Simple ATM cards being declined - suneel0101
http://status.simple.com/
======
jacquesm
I don't have anything to do with 'simple' but I'm working with a group of
people on another system somewhere in the payment chain. In banking failure is
not an option, a little detail that I keep having to drill into my collegues,
some of who would rather have an MVP with the occasional bit of downtime than
something a lot more solid. So for now we're stuck in the 'hurd' loop.

Within any start-up there are always differing opinions on the level of
reliability required. My first real job in IT was with the Dutch division of
the Chase Mannhattan bank, they made it pretty clear upon hiring me that they
did not mind hiring me into a responsible position as young as I was but that
my first fuck-up would also be my last. I'm not sure if they would actually
follow through on that promise but it certainly made me a bit more wary and
more responsible. The fact that I ended up leaving of my own accord means that
their threat probably had its intended effect.
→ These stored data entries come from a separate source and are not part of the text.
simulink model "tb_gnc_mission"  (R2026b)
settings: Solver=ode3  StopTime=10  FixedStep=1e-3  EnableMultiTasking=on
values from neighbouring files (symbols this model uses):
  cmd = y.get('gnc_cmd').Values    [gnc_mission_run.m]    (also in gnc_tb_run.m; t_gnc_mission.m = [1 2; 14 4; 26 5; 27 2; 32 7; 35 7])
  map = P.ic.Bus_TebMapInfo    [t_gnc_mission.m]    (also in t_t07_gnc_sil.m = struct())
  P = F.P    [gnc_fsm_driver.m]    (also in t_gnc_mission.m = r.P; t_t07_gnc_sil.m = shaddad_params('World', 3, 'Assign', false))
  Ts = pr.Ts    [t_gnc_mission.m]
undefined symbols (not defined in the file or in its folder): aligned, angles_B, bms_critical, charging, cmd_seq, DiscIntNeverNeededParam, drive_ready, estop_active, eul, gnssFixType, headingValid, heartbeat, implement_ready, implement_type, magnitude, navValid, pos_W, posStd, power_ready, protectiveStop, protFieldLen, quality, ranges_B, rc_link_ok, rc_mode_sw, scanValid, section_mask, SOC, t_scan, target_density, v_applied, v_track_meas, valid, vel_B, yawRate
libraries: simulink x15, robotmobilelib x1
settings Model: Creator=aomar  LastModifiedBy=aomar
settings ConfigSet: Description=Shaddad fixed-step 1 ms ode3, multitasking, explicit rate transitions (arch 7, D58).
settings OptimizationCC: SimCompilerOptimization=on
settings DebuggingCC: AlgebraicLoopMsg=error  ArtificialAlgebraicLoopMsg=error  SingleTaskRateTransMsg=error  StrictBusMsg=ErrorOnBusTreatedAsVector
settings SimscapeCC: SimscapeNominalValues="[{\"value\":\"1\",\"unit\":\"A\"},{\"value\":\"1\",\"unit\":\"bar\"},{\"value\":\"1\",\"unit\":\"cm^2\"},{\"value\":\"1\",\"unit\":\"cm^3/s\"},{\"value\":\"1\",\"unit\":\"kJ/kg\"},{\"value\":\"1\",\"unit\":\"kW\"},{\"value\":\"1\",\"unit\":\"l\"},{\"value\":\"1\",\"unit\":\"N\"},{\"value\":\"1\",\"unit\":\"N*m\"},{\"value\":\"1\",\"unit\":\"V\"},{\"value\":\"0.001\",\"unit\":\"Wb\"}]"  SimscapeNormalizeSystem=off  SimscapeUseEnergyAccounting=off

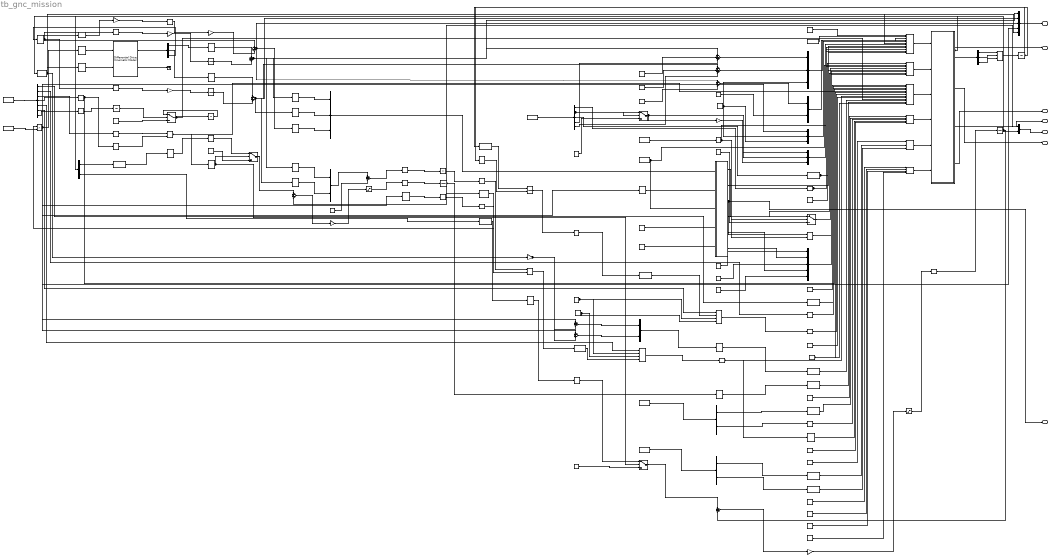
== system tb_gnc_mission ==
  BmsIC : Constant  Value=P.ic.Bus_BmsStatus  OutDataTypeStr=Bus: Bus_BmsStatus  SampleTime=Ts.hk
  BmsStatus : BusAssignment  AssignedSignals=SOC,bms_critical,charging,valid
  CmdIC : Constant  Value=P.ic.Bus_MissionCmd  OutDataTypeStr=Bus: Bus_MissionCmd  SampleTime=Ts.mcmd
  CmdSel : BusSelector  OutputSignals=v_cmd,omega_cmd
  GNC : ModelReference  ModelNameDialog=Shaddad_GNC  SimulationMode=Normal  ModelReferenceVersion=1.1
  HarnessLidar : MATLAB Function  TreatAsAtomicUnit=on  mask{prm=struct('res',P.world.occ.res,'origin',P.world.occ.origin,'rmin',P.sensors.lidar.rMin,'rmax',P.gnc.tb.lidar_rmax,'nBeams',P.gnc.obs.n_beams,'on',P.gnc.tb.lidar_on,'protXF',P.sensors.per.protXF,'protXR',P.sensors.per.protXR,'protL0',P.sensors.per.protL0,'protKv',P.sensors.per.protKv,'protW',P.sensors.per.protW,'protStatic',P.gnc.tb.prot_static,'mapN',P.gnc.map.local_N,'mapRes',P.gnc.map.local_res)}
  ImplSel : BusSelector  OutputSignals=mower_enable,tiller_enable,spray_enable
  Kinematics : robotmobilelib/Differential Drive Kinematic Model  VehicleInputs=Vehicle Speed & Heading Angular Velocity  WheelRadius=P.structure.r_sprocket  WheelSpeedRange=[-inf inf]  TrackWidth=P.structure.geom.B  InitialState=P.gnc.tb.x0(:)  SimulateUsing=Code generation
  Kv : Gain  Gain=P.electronics.shaper.K_v
  Kw : Gain  Gain=P.electronics.shaper.K_w_auto
  Map : BusCreator  Inputs=5  OutDataTypeStr=Bus: Bus_TebMapInfo  NonVirtualBus=on
  McuIC : Constant  Value=P.ic.Bus_McuStatus  OutDataTypeStr=Bus: Bus_McuStatus  SampleTime=Ts.gnc
  McuStatus : BusAssignment  AssignedSignals=rc_mode_sw,rc_link_ok,estop_active,drive_ready,power_ready,implement_ready,charging,implement_type,heartbeat,v_track_meas,v_applied,valid
  MissionCmd : BusAssignment  AssignedSignals=cmd,cmd_seq
  NavIC : Constant  Value=P.ic.Bus_NavState  OutDataTypeStr=Bus: Bus_NavState  SampleTime=Ts.ctrl
  NavState : BusAssignment  AssignedSignals=t,pos_W,eul,vel_B,yawRate,posStd,quality,navValid,headingValid,aligned,gnssFixType
  PerIC : Constant  Value=P.ic.Bus_Perception  OutDataTypeStr=Bus: Bus_Perception  SampleTime=Ts.lidar
  Perception : BusAssignment  AssignedSignals=t_scan,scanValid,ranges_B,angles_B,protectiveStop,protFieldLen,map
  RT_chg : RateTransition  OutPortSampleTime=Ts.hk
  RT_drive : RateTransition  OutPortSampleTime=Ts.ctrl
  RT_ppsi : RateTransition  OutPortSampleTime=Ts.lidar
  RT_pv : RateTransition  OutPortSampleTime=Ts.lidar
  RT_px : RateTransition  OutPortSampleTime=Ts.lidar
  RT_py : RateTransition  OutPortSampleTime=Ts.lidar
  RT_rc : RateTransition  OutPortSampleTime=0
  RT_v : RateTransition  OutPortSampleTime=Ts.ctrl
  RT_vLR : RateTransition  OutPortSampleTime=Ts.gnc
  RT_vapp : RateTransition  OutPortSampleTime=Ts.gnc
  RT_vc : RateTransition  OutPortSampleTime=0
  RT_vd : RateTransition  OutPortSampleTime=Ts.gnc
  RT_w : RateTransition  OutPortSampleTime=Ts.ctrl
  RT_xd : RateTransition  OutPortSampleTime=Ts.gnc
  RT_yd : RateTransition  OutPortSampleTime=Ts.gnc
  Spray : BusAssignment  AssignedSignals=section_mask,target_density,valid
  SprayIC : Constant  Value=P.ic.Bus_SprayDemand  OutDataTypeStr=Bus: Bus_SprayDemand  SampleTime=Ts.spray
  T_stateDot : Terminator
  ZOH_psi : RateTransition  OutPortSampleTime=Ts.ctrl
  ZOH_x : RateTransition  OutPortSampleTime=Ts.ctrl
  ZOH_y : RateTransition  OutPortSampleTime=Ts.ctrl
  a_sat : Saturate  UpperLimit=P.electronics.shaper.a_acc_auto  LowerLimit=-P.electronics.shaper.a_dec_auto
  al_sat : Saturate  UpperLimit=P.electronics.shaper.alpha_auto  LowerLimit=-P.electronics.shaper.alpha_auto
  at_dock : Logic  AllPortsSameDT=off  OutDataTypeStr=boolean
  at_dock_d : DataTypeConversion  OutDataTypeStr=double  RndMeth=Nearest
  bms_crit : simulink/Logic and Bit Operations/Compare To Constant  relop=>  const=0.5  OutDataTypeStr=boolean
  bms_d : Demux  Outputs=2
  bms_true : Constant  Value=true  OutDataTypeStr=boolean  SampleTime=Ts.hk
  charging : simulink/Logic and Bit Operations/Compare To Constant  relop=>  const=0.5  OutDataTypeStr=boolean
  chg_m : MultiPortSwitch  DataPortOrder=Zero-based contiguous  DiagnosticForDefault=None  zeroidx=on  SaturateOnIntegerOverflow=off  InputSameDT=off
  clock : DigitalClock  SampleTime=Ts.ctrl
  clock_l : DigitalClock  SampleTime=Ts.lidar
  cmd_d : Demux  Outputs=2
  cmd_u8 : DataTypeConversion  OutDataTypeStr=uint8  RndMeth=Nearest
  cmd_v : DataTypeConversion  OutDataTypeStr=double  RndMeth=Nearest
  cmd_w : DataTypeConversion  OutDataTypeStr=double  RndMeth=Nearest
  cos_psi : Trigonometry  Operator=cos
  ddock : Sum  Inputs=+-
  ddock2 : Math  Operator=magnitude^2
  ddock_s : Sum  Inputs=+
  dead_v : Delay  DelayLength=P.gnc.tb.n_dead  InitialCondition=0  SampleTime=Ts.ctrl
  dead_w : Delay  DelayLength=P.gnc.tb.n_dead  InitialCondition=0  SampleTime=Ts.ctrl
  dock_xy : Constant  Value=P.gnc.mission.dock(1:2)  OutDataTypeStr=double  SampleTime=Ts.gnc
  drift_x : Gain  Gain=-P.gnc.tb.drift
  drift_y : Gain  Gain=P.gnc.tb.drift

When you're in the payment chain, whether as an IPSP, a bank or something else
that directly affects peoples income and ability to function in society you
have no excuse other than 'meteor fragments took out all three of our
datacenters'.

Stuff is up, check-totals are at '0', transactions are never lost. 24 hours,
365 (of 366) days per year.

If you can't do that don't bother playing.

The bank I'm with (Rabobank in nl) lost a lot of respect from me (after
building that up for 2 decades) when they blamed a bunch of down time on
'hackers'. What bugged me even more than the fact that they were down was the
fact that they wanted to blame another party for being down.

The one thing I'll leave a little bit of room for is capacity issues during
the holiday shopping spree, but even that is pretty bad form and indicative of
very bad planning.

Judging by the post the error lies with Simple's partner, unfortunately for
Simple customers will likely not care about that at all. To them their simple
card doesn't work when they expect it to work.

I hope for simple they'll be able to fix this very quickly.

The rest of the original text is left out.